Gute Kumpels: Wie Manuel Akanji BVB-Youngster Gio Reyna unterstützt

Borussia Dortmund

BVB-Youngster Gio Reyna erlebte unlängst ein sportliches Tief, abseits des Rasens bereitet ihm die coronabedingte Isolation Probleme. Manuel Akanji verrät, wie er Reyna hilft.

Dortmund

, 04.05.2021, 16:08 Uhr / Lesedauer: 2 min
Torschütze Gio Reyna (M.) freut sich zusammen mit BVB-Verteidiger Manuel Akanji (r.) über einen Treffer.

Torschütze Gio Reyna (M.) freut sich zusammen mit BVB-Verteidiger Manuel Akanji (r.) über einen Treffer. © picture alliance/dpa

Was er kocht, hat er nicht verraten. Vielleicht kommt auch nur der Lieferdienst. Tragisch wäre das nicht. Im Gegenteil. Schmackhafte Alternativen gibt es im Großraum Dortmund schließlich reichlich. Es geht um Akanjis Geste an sich. Denn der Schweizer ist für BVB-Youngster Gio Reyna gerade in der schweren Zeit ein richtig wichtiger Freund. In Akanji hat Reyna eine wichtige Bezugsperson gefunden, der Innenverteidiger lädt Borussia Dortmunds junge Offensivkraft oft zum Essen ein. Dabei leistet er nicht nur kulinarische Unterstützung.

BVB-Innenverteidiger Manuel Akanji: „Es ist nicht einfach für einen jungen Spieler“

„Es ist nicht einfach für einen jungen Spieler, aus Amerika hierher zu kommen, ganz allein und weit weg von seiner Familie“, erklärte BVB-Verteidiger Akanji unlängst gegenüber bundesliga.com. Gio Reyna ist erst 18 Jahre alt. Ein Teenager. Alleine in der großen und lauten Welt des Fußballs. Der Druck ist enorm, durch die coronabedingte Isolation gestaltete sich seine Situation nicht gerade leichter.

Jetzt lesen

Akanji, der es als Innenverteidiger des BVB gewohnt ist, der Retter in der Not zu sein, war also zur Stelle. Nicht mit einer beherzten Grätsche oder einem klärenden Kopfball, sondern mit viel Zeit und klugen Gesprächen. Reyna und er sind fast Nachbarn, die beiden BVB-Profis wohnen nur zwei Minuten voneinander entfernt. „Also bringe ich ihn jeden Tag zum Training, bis er seinen Führerschein hat, und lade ihn zum Essen ein, damit er sich nicht allein fühlt“, sagte der 25-jährige Akanji.
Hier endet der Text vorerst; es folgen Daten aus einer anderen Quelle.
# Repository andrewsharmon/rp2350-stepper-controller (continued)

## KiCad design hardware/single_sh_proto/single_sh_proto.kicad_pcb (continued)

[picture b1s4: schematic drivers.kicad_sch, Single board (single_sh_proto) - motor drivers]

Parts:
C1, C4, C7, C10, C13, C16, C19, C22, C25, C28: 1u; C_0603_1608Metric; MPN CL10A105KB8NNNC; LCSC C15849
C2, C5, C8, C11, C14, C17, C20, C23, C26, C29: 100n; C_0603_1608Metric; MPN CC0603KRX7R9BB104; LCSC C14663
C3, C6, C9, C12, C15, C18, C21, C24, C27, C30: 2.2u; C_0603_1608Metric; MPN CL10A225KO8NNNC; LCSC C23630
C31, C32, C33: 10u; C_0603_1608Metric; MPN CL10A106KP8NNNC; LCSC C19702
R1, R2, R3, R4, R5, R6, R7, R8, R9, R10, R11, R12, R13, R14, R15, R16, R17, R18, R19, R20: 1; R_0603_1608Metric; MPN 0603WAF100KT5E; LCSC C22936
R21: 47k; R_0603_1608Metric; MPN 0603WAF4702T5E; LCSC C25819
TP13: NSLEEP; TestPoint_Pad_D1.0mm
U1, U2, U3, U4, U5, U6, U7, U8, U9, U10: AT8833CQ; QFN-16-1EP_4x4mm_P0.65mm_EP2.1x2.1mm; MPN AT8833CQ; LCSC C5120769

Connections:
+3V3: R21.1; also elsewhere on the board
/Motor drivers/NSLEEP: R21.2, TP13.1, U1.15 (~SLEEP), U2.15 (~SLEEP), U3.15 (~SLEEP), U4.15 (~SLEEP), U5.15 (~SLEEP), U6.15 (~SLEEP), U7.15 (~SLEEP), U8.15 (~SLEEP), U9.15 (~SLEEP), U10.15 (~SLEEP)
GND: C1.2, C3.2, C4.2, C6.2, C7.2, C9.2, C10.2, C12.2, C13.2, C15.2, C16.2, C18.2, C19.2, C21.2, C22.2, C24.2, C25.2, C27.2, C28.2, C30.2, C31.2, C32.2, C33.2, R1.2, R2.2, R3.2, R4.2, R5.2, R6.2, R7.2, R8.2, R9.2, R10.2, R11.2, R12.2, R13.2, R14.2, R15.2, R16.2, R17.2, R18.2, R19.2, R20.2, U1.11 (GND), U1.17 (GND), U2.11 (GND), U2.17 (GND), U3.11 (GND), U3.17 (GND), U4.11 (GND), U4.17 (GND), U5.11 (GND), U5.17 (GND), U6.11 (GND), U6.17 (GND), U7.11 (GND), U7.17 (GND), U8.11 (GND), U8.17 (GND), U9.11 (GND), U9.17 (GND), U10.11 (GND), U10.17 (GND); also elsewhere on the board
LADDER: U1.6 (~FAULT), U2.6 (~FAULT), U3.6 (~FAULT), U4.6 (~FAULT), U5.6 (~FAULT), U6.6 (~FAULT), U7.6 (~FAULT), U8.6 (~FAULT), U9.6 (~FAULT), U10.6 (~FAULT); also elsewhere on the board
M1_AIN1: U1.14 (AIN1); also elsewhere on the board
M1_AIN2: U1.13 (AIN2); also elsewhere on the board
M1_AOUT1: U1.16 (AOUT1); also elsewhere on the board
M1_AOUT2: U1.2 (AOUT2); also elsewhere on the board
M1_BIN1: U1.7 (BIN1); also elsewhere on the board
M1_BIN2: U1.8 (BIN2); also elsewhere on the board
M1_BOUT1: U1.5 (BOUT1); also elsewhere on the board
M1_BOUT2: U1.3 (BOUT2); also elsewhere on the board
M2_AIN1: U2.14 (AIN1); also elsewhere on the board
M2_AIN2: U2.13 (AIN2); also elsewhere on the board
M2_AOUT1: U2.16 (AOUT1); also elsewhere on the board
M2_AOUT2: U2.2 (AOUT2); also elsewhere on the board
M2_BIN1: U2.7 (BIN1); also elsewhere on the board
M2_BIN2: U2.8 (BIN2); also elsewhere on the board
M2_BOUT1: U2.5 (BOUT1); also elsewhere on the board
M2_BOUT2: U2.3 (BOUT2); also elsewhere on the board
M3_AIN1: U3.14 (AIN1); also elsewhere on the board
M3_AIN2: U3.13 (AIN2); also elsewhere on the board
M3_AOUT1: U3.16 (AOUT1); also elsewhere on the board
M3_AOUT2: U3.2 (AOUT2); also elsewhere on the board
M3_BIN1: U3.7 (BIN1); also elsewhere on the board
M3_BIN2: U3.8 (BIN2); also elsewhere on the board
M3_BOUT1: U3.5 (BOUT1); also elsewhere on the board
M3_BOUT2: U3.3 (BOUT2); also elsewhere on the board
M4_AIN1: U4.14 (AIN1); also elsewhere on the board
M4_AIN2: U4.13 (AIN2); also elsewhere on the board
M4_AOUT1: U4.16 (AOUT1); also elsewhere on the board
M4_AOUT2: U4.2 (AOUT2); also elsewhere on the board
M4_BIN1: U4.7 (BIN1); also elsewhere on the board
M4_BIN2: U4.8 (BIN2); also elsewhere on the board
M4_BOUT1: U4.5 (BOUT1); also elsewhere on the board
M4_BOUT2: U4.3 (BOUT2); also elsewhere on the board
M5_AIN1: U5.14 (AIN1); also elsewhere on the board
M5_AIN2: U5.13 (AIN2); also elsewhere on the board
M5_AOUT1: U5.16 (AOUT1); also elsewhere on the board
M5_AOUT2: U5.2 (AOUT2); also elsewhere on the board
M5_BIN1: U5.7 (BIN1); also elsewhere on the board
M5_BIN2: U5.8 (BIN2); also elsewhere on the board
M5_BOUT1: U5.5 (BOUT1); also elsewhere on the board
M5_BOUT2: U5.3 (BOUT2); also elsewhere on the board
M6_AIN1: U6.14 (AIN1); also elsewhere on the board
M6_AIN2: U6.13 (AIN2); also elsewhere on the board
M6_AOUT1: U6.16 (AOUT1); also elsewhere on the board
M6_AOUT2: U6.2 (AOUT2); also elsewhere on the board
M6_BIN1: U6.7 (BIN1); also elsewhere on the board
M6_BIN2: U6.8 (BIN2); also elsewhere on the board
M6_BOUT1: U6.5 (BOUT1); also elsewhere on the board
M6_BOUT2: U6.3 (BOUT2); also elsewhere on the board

BVB-Profi Akanji spricht über seine Rolle als Familienvater

Die Tischgespräche dürften sich dabei häufig um das runde Leder drehen. Aber auch für andere Lebenslagen wird der junge Familienvater Akanji Tipps parat haben. „Ich denke schon, Vater, Mutter, Elternteil zu werden, hilft jedem, eine andere Perspektive auf das Leben zu bekommen, mehr Verantwortung zu übernehmen und über die Entscheidungen nachzudenken, die man trifft““, meinte er.

Jetzt lesen

Reyna jedenfalls sei ein interessierter Zuhörer. „Ich verstehe mich sehr gut mit ihm, er ist noch recht jung und muss noch viel lernen, aber er ist sehr lernbereit und hört zu, wenn ich ihm etwas erklären will. Ich freue mich sehr für ihn und hoffe, dass es so weitergeht“, so Akanji. Mit eben dieser Geduld und Lernbereitschaft hat es BVB-Youngster Reyna schließlich auch aus einem kleinen fußballerischen Leistungsloch heraus geschafft. Seit dem Spiel gegen Bremen zeigt er wieder stärkere Leistungen. Das blieb auch den BVB-Bossen nicht verborgen.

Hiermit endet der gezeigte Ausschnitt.